■ **Exercise details**:
Return only the lines from the top of the data down to the one that holds "122.5v8.3l1.4 1.3-2.7 1.4", both included, without any pictures.

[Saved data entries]
********************
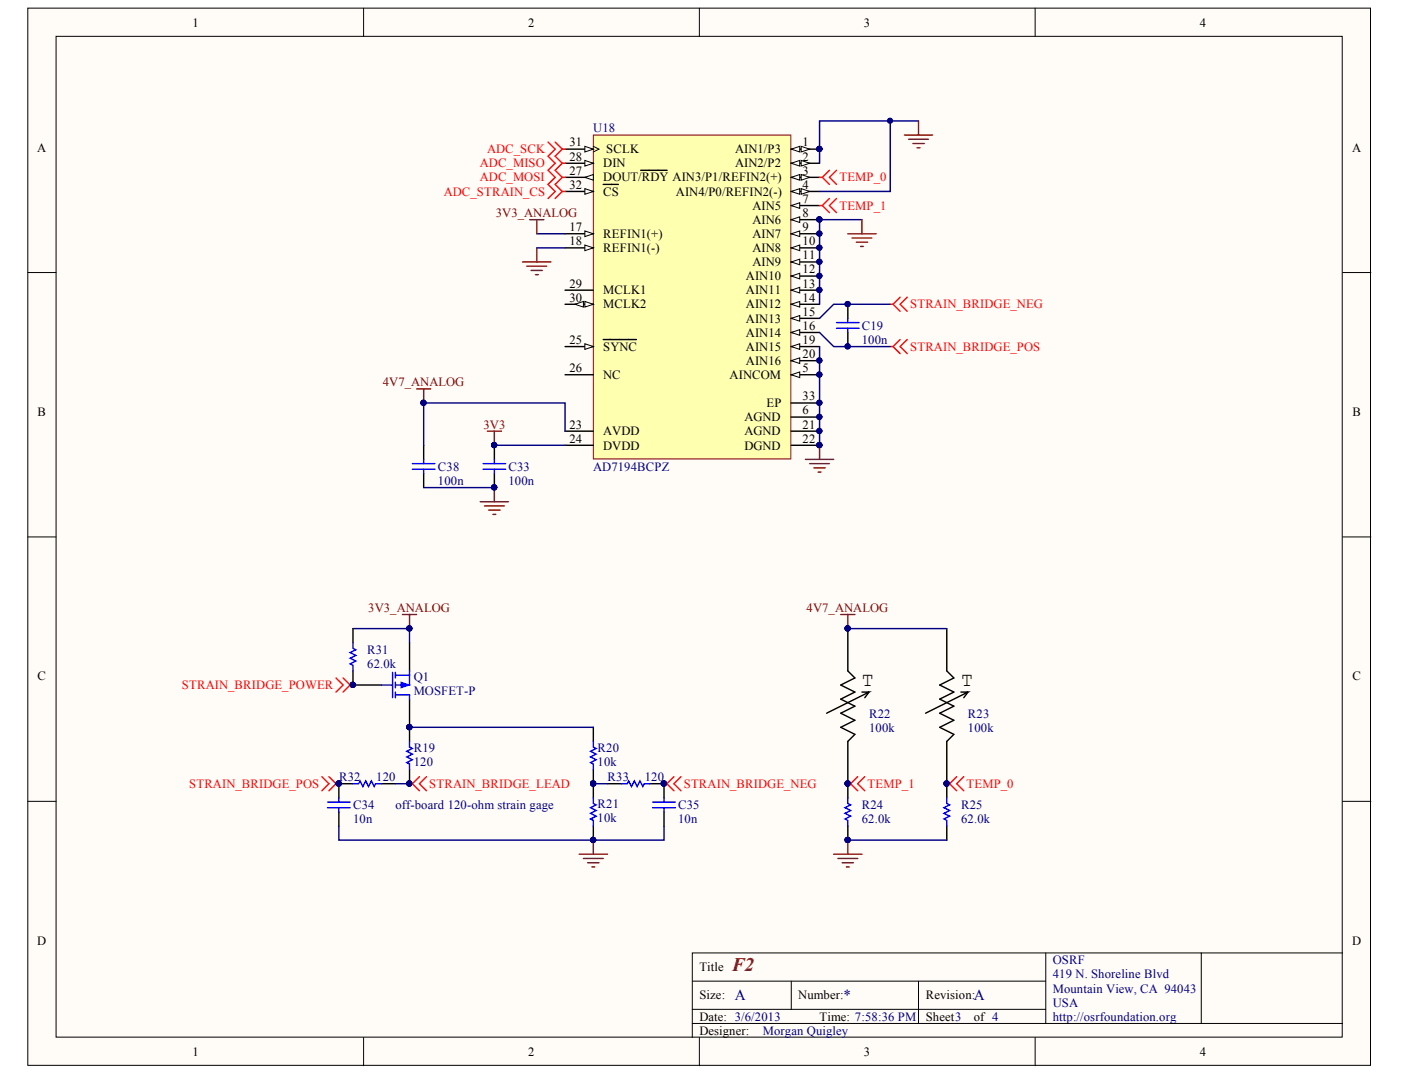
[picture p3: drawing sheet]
<svg xmlns="http://www.w3.org/2000/svg" width="273mm" height="210mm" viewBox="0 0 273 210" stroke-linecap="round" stroke-linejoin="round" font-family="sans-serif">
<g fill="#fffcf8" stroke="#000" stroke-width=".19">
<path d="M5.4 1.6h261.7v206h-261.7z"/>
<path d="M10.9 7.1h250.7v195h-250.7z"/>
</g>
<g fill="none" stroke="#000" stroke-width=".19">
<path d="M70.9 1.6v5.5M136.3 1.6v5.5M201.7 1.6v5.5M5.4 53.1h5.5M261.7 53.1h5.5M5.4 104.6h5.5M261.7 104.6h5.5M5.4 156.2h5.5M261.7 156.2h5.5M134.9 191.2h68.9M134.9 199.5h126.8M134.9 196.7h68.9"/>
<path d="M154.2 191.2v5.5M179 191.2v8.3M203.8 185.7v13.8M234.1 185.7h-99.2v16.5M261.7 185.7h-27.6v13.8M70.9 202.2v5.5M136.3 202.2v5.5M201.7 202.2v5.5"/>
</g>
<path d="M165.2 122.5v8.3l1.4 1.3-2.7 1.4 2.7 1.4-2.7 1.4 2.7 1.3-2.7 1.4 2.7 1.4-2.7 1.4 2.7 1.3-1.4 1.4v11M168 134.9h1.4l-8.3 4.1M169.4 134.9l-.9 1.1M184.5 122.5v8.3l1.4 1.3-2.8 1.4 2.8 1.4-2.8 1.4 2.8 1.3-2.8 1.4 2.8 1.4-2.8 1.4 2.8 1.3-1.4 1.4v11M187.3 134.9h1.4l-8.3 4.1M188.7 134.9l-.9 1.1M165.2 161v2.7M184.5 161v2.7" fill="none" stroke="#000" stroke-width=".28"/>
<g fill="#000080" stroke="#000080" stroke-width=".19">
<circle cx="184.5" cy="152.7" r=".51"/>
<circle cx="165.2" cy="122.5" r=".51"/>
<circle cx="165.2" cy="152.7" r=".51"/>
<circle cx="165.2" cy="163.7" r=".51"/>
</g>
<path d="M163.9 119.8h2.7M165.2 119.8v2.7M162.5 166.5h5.5M163.3 167.3h3.9M164.1 168.1h2.2M165 169h.5M165.2 163.7v2.8" fill="none" stroke="#800000" stroke-width=".28"/>
<path d="M165.2 155.5v1.1l.6 .3-1.1 .5 1.1 .6-1.1 .5 1.1 .6-1.1 .5 .5 .3v1.1M184.5 155.5v1.1l.6 .3-1.1 .5 1.1 .6-1.1 .5 1.1 .6-1.1 .5 .5 .3v1.1" fill="none" stroke="#00f" stroke-width=".28"/>
<path d="M165.2 152.7h.6M165.8 152.7l1.4 1.4M167.2 151.4l-1.4 1.3M168.5 151.4l-1.3 1.3 1.3 1.4M184.5 152.7h.6M185.1 152.7l1.4 1.4M186.5 151.4l-1.4 1.3M187.8 151.4l-1.3 1.3 1.3 1.4" fill="none" stroke="#f00" stroke-width=".28"/>
<path d="M165.2 122.5h19.3M165.2 163.7h19.3" fill="none" stroke="#000080" stroke-width=".28"/>
<path d="M115.6 26.3h38.5v63.2h-38.5z" fill="#ffffb0" stroke="#800000" stroke-width=".19"/>
<path d="M154.2 29.1h5.5" fill="none" stroke="#000" stroke-width=".28"/>
<g fill="#fffcf8" stroke="#000" stroke-width=".19">
<path d="M154.2 29.1l1.7-.6v1.1z"/>
<path d="M156.1 28.5l1.7 .6-1.7 .5z"/>
</g>
<circle cx="159.7" cy="29" r=".51" fill="#000080" stroke="#000080" stroke-width=".19"/>
<path d="M154.2 31.8h5.5" fill="none" stroke="#000" stroke-width=".28"/>
<g fill="#fffcf8" stroke="#000" stroke-width=".19">
<path d="M154.2 31.8l1.7-.5v1.1z"/>
<path d="M156.1 31.3l1.7 .5-1.7 .6z"/>
</g>
<path d="M154.2 34.6h5.5" fill="none" stroke="#000" stroke-width=".28"/>
<g fill="#fffcf8" stroke="#000" stroke-width=".19">
<path d="M154.2 34.6l1.7-.6v1.1z"/>
<path d="M156.1 34l1.7 .6-1.7 .5z"/>
</g>
<path d="M154.2 37.3h5.5" fill="none" stroke="#000" stroke-width=".28"/>
<g fill="#fffcf8" stroke="#000" stroke-width=".19">
<path d="M154.2 37.3l1.7-.5v1.1z"/>
<path d="M156.1 36.8l1.7 .5-1.7 .6z"/>
</g>
<path d="M154.2 73h5.5" fill="none" stroke="#000" stroke-width=".28"/>
<path d="M154.2 73l1.7-.5v1.1z" fill="#fffcf8" stroke="#000" stroke-width=".19"/>
<g fill="#000080" stroke="#000080" stroke-width=".19">
<circle cx="159.7" cy="73" r=".51"/>
<circle cx="159.7" cy="81.2" r=".51"/>
</g>
<path d="M154.2 40.1h5.5M154.2 81.3h5.5" fill="none" stroke="#000" stroke-width=".28"/>
<path d="M154.2 40.1l1.7-.6v1.1z" fill="#fffcf8" stroke="#000" stroke-width=".19"/>
<path d="M154.2 42.8h5.5" fill="none" stroke="#000" stroke-width=".28"/>
<path d="M154.2 42.8l1.7-.5v1.1z" fill="#fffcf8" stroke="#000" stroke-width=".19"/>
<circle cx="159.7" cy="42.8" r=".51" fill="#000080" stroke="#000080" stroke-width=".19"/>
<path d="M154.2 45.6h5.5" fill="none" stroke="#000" stroke-width=".28"/>
<path d="M154.2 45.6l1.7-.6v1.1z" fill="#fffcf8" stroke="#000" stroke-width=".19"/>
<circle cx="159.7" cy="45.5" r=".51" fill="#000080" stroke="#000080" stroke-width=".19"/>
<path d="M154.2 48.3h5.5" fill="none" stroke="#000" stroke-width=".28"/>
<path d="M154.2 48.3l1.7-.5v1.1z" fill="#fffcf8" stroke="#000" stroke-width=".19"/>
<circle cx="159.7" cy="48.3" r=".51" fill="#000080" stroke="#000080" stroke-width=".19"/>
<path d="M154.2 51.1h5.5" fill="none" stroke="#000" stroke-width=".28"/>
<path d="M154.2 51.1l1.7-.6v1.1z" fill="#fffcf8" stroke="#000" stroke-width=".19"/>
<circle cx="159.7" cy="51" r=".51" fill="#000080" stroke="#000080" stroke-width=".19"/>
<path d="M154.2 53.8h5.5" fill="none" stroke="#000" stroke-width=".28"/>
<path d="M154.2 53.8l1.7-.5v1.1z" fill="#fffcf8" stroke="#000" stroke-width=".19"/>
<circle cx="159.7" cy="53.8" r=".51" fill="#000080" stroke="#000080" stroke-width=".19"/>
<path d="M154.2 56.6h5.5" fill="none" stroke="#000" stroke-width=".28"/>
<path d="M154.2 56.6l1.7-.6v1.1z" fill="#fffcf8" stroke="#000" stroke-width=".19"/>
<circle cx="159.7" cy="56.5" r=".51" fill="#000080" stroke="#000080" stroke-width=".19"/>
<path d="M154.2 59.3h5.5" fill="none" stroke="#000" stroke-width=".28"/>
<path d="M154.2 59.3l1.7-.5v1.1z" fill="#fffcf8" stroke="#000" stroke-width=".19"/>
<path d="M154.2 62h5.5" fill="none" stroke="#000" stroke-width=".28"/>
<path d="M154.2 62l1.7-.5v1.1z" fill="#fffcf8" stroke="#000" stroke-width=".19"/>
<path d="M154.2 64.8h5.5" fill="none" stroke="#000" stroke-width=".28"/>
<path d="M154.2 64.8l1.7-.6v1.1z" fill="#fffcf8" stroke="#000" stroke-width=".19"/>
<path d="M110.1 45.6h5.5" fill="none" stroke="#000" stroke-width=".28"/>
<path d="M114 45l1.6 .6-1.6 .5z" fill="#fffcf8" stroke="#000" stroke-width=".19"/>
<path d="M110.1 48.3h5.5" fill="none" stroke="#000" stroke-width=".28"/>
<path d="M114 47.8l1.6 .5-1.6 .6z" fill="#fffcf8" stroke="#000" stroke-width=".19"/>
<path d="M154.2 67.5h5.5" fill="none" stroke="#000" stroke-width=".28"/>
<path d="M154.2 67.5l1.7-.5v1.1z" fill="#fffcf8" stroke="#000" stroke-width=".19"/>
<path d="M154.2 70.3h5.5" fill="none" stroke="#000" stroke-width=".28"/>
<path d="M154.2 70.3l1.7-.6v1.1z" fill="#fffcf8" stroke="#000" stroke-width=".19"/>
<g fill="#000080" stroke="#000080" stroke-width=".19">
<circle cx="159.7" cy="70.3" r=".51"/>
<circle cx="159.7" cy="84" r=".51"/>
<circle cx="159.7" cy="86.7" r=".51"/>
</g>
<path d="M110.1 67.5h5.5M110.1 84h5.5M110.1 86.8h5.5M154.2 84h5.5M154.2 86.8h5.5" fill="none" stroke="#000" stroke-width=".28"/>
<path d="M114 67l1.6 .5-1.6 .6z" fill="#fffcf8" stroke="#000" stroke-width=".19"/>
<path d="M110.1 34.6h5.5M110.1 73h5.5M117.6 66.2h6.4" fill="none" stroke="#000" stroke-width=".28"/>
<path d="M114 34.6l1.6-.6v1.1z" fill="#fffcf8" stroke="#000" stroke-width=".19"/>
<path d="M110.1 31.8h5.5M124.9 33.2h5.1" fill="none" stroke="#000" stroke-width=".28"/>
<path d="M114 31.3l1.6 .5-1.6 .6z" fill="#fffcf8" stroke="#000" stroke-width=".19"/>
<path d="M110.1 56.6h5.5M110.1 59.3h5.5" fill="none" stroke="#000" stroke-width=".28"/>
<g fill="#fffcf8" stroke="#000" stroke-width=".19">
<path d="M114 58.8l1.6 .5-1.6 .6z"/>
<path d="M112.1 59.3l1.6-.5v1.1z"/>
</g>
<path d="M110.1 29.1h5.5" fill="none" stroke="#000" stroke-width=".28"/>
<path d="M115.6 28.5l1.1 .6-1.1 .5" fill="none" stroke="#000" stroke-width=".19"/>
<path d="M114 28.5l1.6 .6-1.6 .5z" fill="#fffcf8" stroke="#000" stroke-width=".19"/>
<path d="M110.1 37.3h5.5" fill="none" stroke="#000" stroke-width=".28"/>
<path d="M114 36.8l1.6 .5-1.6 .6z" fill="#fffcf8" stroke="#000" stroke-width=".19"/>
<g fill="none" stroke="#000" stroke-width=".28">
<path d="M117.6 35.9h2.9M165.2 59.3v2.7M154.2 78.5h5.5M165.2 64.8v2.7M82.6 86.8v2.7M82.6 92.3v2.7M96.3 86.8v2.7M96.3 92.3v2.7M68.8 130.8v2.7h5.5M68.8 122.5v2.8M79.8 125.3v5.5M79.8 136.3v8.2"/>
<path d="M66 158.2v2.8M68.8 152.7h-2.8v2.8M74.3 152.7h2.8M79.8 150v2.7M115.6 141.8v2.7M115.6 150v5.5M118.4 152.7h2.7M126.7 152.7h2.7v2.8M129.4 158.2v2.8M115.6 161v2.7"/>
</g>
<g fill="#000080" stroke="#000080" stroke-width=".19">
<circle cx="159.7" cy="78.5" r=".51"/>
<circle cx="159.7" cy="29" r=".51"/>
<circle cx="159.7" cy="73" r=".51"/>
<circle cx="159.7" cy="81.2" r=".51"/>
<circle cx="159.7" cy="42.8" r=".51"/>
<circle cx="159.7" cy="45.5" r=".51"/>
<circle cx="159.7" cy="48.3" r=".51"/>
<circle cx="159.7" cy="51" r=".51"/>
<circle cx="159.7" cy="53.8" r=".51"/>
<circle cx="159.7" cy="56.5" r=".51"/>
<circle cx="159.7" cy="70.3" r=".51"/>
<circle cx="159.7" cy="84" r=".51"/>
<circle cx="159.7" cy="86.7" r=".51"/>
<circle cx="96.3" cy="86.7" r=".51"/>
<circle cx="82.5" cy="78.5" r=".51"/>
<circle cx="96.3" cy="95" r=".51"/>
<circle cx="115.6" cy="152.7" r=".51"/>
<circle cx="79.8" cy="141.7" r=".51"/>
<circle cx="79.8" cy="152.7" r=".51"/>
<circle cx="115.6" cy="163.7" r=".51"/>
<circle cx="173.5" cy="23.5" r=".51"/>
<circle cx="79.8" cy="122.5" r=".51"/>
<circle cx="68.8" cy="133.5" r=".51"/>
<circle cx="129.4" cy="152.7" r=".51"/>
<circle cx="66" cy="152.7" r=".51"/>
<circle cx="165.2" cy="67.5" r=".51"/>
<circle cx="165.2" cy="59.3" r=".51"/>
</g>
<g fill="none" stroke="#000080" stroke-width=".28">
<path d="M173.5 23.6v13.7h-13.8M179 23.6h-19.3v8.2M104.6 45.6h5.5M104.6 48.3h5.5M168 42.8h-8.3v16.5M173.5 59.3h-11l-2.8 2.7M159.7 64.8l2.8 2.7h11M159.7 67.5v19.3M82.6 95h13.7M96.3 86.8h13.8M110.1 84v-5.5h-27.5v8.3M68.8 122.5h11v2.8"/>
<path d="M77.1 152.7h2.7M79.8 141.8h35.8M115.6 152.7h2.8M66 161v2.7h63.4v-2.7"/>
</g>
<g fill="none" stroke="#800000" stroke-width=".28">
<path d="M176.3 26.3h5.5M177.1 27.1h3.8M177.9 28h2.2M178.7 28.8h.6M179 23.6v2.7M101.9 51.1h5.5M102.7 51.9h3.8M103.2 42.8h2.8M103.5 52.7h2.2M104.3 53.5h.6M104.6 42.8v2.8M104.6 48.3v2.8"/>
<path d="M165.2 45.6h5.5M166.1 46.4h3.8M166.9 47.2h2.2M167.7 48h.6M168 42.8v2.8M81.2 75.8h2.7M82.6 75.8v2.7M93.6 97.8h5.5M94.4 98.6h3.9M95 84h2.7M95.2 99.4h2.3M96.3 84v2.8"/>
<path d="M96.3 95v2.8M157 89.5h5.5M157.8 90.4h3.9M158.6 91.2h2.2M159.4 92h.6M159.7 86.8v2.7M78.4 119.8h2.8M79.8 119.8v2.7M96.1 100.3h.5M112.9 166.5h5.5M113.7 167.3h3.9M114.5 168.1h2.2"/>
<path d="M115.4 169h.5M115.6 163.7v2.8"/>
</g>
<g fill="none" stroke="#f00" stroke-width=".28">
<path d="M106.8 27.7l1.4 1.4-1.4 1.3 1.4 1.4-1.4 1.4 1.4 1.4-1.4 1.3 1.4 1.4-1.4 1.4M108.2 27.7l1.4 1.4M109.6 34.6h.5M109.6 29.1l-1.4 1.3 1.4 1.4M109.6 29.1h.5M109.6 34.6l-1.4 1.3 1.4 1.4M109.6 31.8l-1.4 1.4 1.4 1.4M109.6 31.8h.5M109.6 37.3l-1.4 1.4M109.6 37.3h.5M159.7 34.6h.6M160.3 34.6l1.4 1.3"/>
<path d="M161.7 33.2l-1.4 1.4M161.7 38.7l-1.4 1.4M163 33.2l-1.3 1.4 1.3 1.3M163 38.7l-1.3 1.4 1.3 1.3M159.7 40.1h.6M160.3 40.1l1.4 1.3M173.5 59.3h.6M174.1 59.3l1.3 1.4M175.4 57.9l-1.3 1.4M176.8 57.9l-1.4 1.4 1.4 1.4M173.5 67.5h.6M174.1 67.5l1.3 1.4"/>
<path d="M175.4 66.2l-1.3 1.3M176.8 66.2l-1.4 1.3 1.4 1.4M65.5 132.1l1.4 1.4-1.4 1.4M66.9 132.1l1.3 1.4M68.2 133.5l-1.3 1.4M68.2 133.5h.6M62.7 151.4l1.4 1.3-1.4 1.4M64.1 151.4l1.4 1.3M65.5 152.7h.5M65.5 152.7l-1.4 1.4M79.8 152.7h.6M80.4 152.7l1.3 1.4"/>
<path d="M81.7 151.4l-1.3 1.3M83.1 151.4l-1.4 1.3 1.4 1.4M129.4 152.7h.6M130 152.7l1.3 1.4M131.3 151.4l-1.3 1.3M132.7 151.4l-1.4 1.3 1.4 1.4"/>
</g>
<g fill="none" stroke="#00f" stroke-width=".28">
<path d="M163 62.9h4.4M163 64h4.4M165.2 62v.9M165.2 64v.8M80.4 90.4h4.4M80.4 91.5h4.4M82.6 89.5v.9M82.6 91.5v.8M94.1 90.4h4.5M94.1 91.5h4.5M96.3 89.5v.9M96.3 91.5v.8"/>
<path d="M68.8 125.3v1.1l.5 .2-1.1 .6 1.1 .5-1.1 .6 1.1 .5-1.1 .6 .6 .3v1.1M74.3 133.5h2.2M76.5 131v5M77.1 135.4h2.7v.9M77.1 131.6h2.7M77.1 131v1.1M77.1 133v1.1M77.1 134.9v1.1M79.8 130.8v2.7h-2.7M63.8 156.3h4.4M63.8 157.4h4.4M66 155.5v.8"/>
********************
■ **Answer to the exercise**:
[picture p3: drawing sheet]
<svg xmlns="http://www.w3.org/2000/svg" width="273mm" height="210mm" viewBox="0 0 273 210" stroke-linecap="round" stroke-linejoin="round" font-family="sans-serif">
<g fill="#fffcf8" stroke="#000" stroke-width=".19">
<path d="M5.4 1.6h261.7v206h-261.7z"/>
<path d="M10.9 7.1h250.7v195h-250.7z"/>
</g>
<g fill="none" stroke="#000" stroke-width=".19">
<path d="M70.9 1.6v5.5M136.3 1.6v5.5M201.7 1.6v5.5M5.4 53.1h5.5M261.7 53.1h5.5M5.4 104.6h5.5M261.7 104.6h5.5M5.4 156.2h5.5M261.7 156.2h5.5M134.9 191.2h68.9M134.9 199.5h126.8M134.9 196.7h68.9"/>
<path d="M154.2 191.2v5.5M179 191.2v8.3M203.8 185.7v13.8M234.1 185.7h-99.2v16.5M261.7 185.7h-27.6v13.8M70.9 202.2v5.5M136.3 202.2v5.5M201.7 202.2v5.5"/>
</g>
<path d="M165.2 122.5v8.3l1.4 1.3-2.7 1.4 2.7 1.4-2.7 1.4 2.7 1.3-2.7 1.4 2.7 1.4-2.7 1.4 2.7 1.3-1.4 1.4v11M168 134.9h1.4l-8.3 4.1M169.4 134.9l-.9 1.1M184.5 122.5v8.3l1.4 1.3-2.8 1.4 2.8 1.4-2.8 1.4 2.8 1.3-2.8 1.4 2.8 1.4-2.8 1.4 2.8 1.3-1.4 1.4v11M187.3 134.9h1.4l-8.3 4.1M188.7 134.9l-.9 1.1M165.2 161v2.7M184.5 161v2.7" fill="none" stroke="#000" stroke-width=".28"/>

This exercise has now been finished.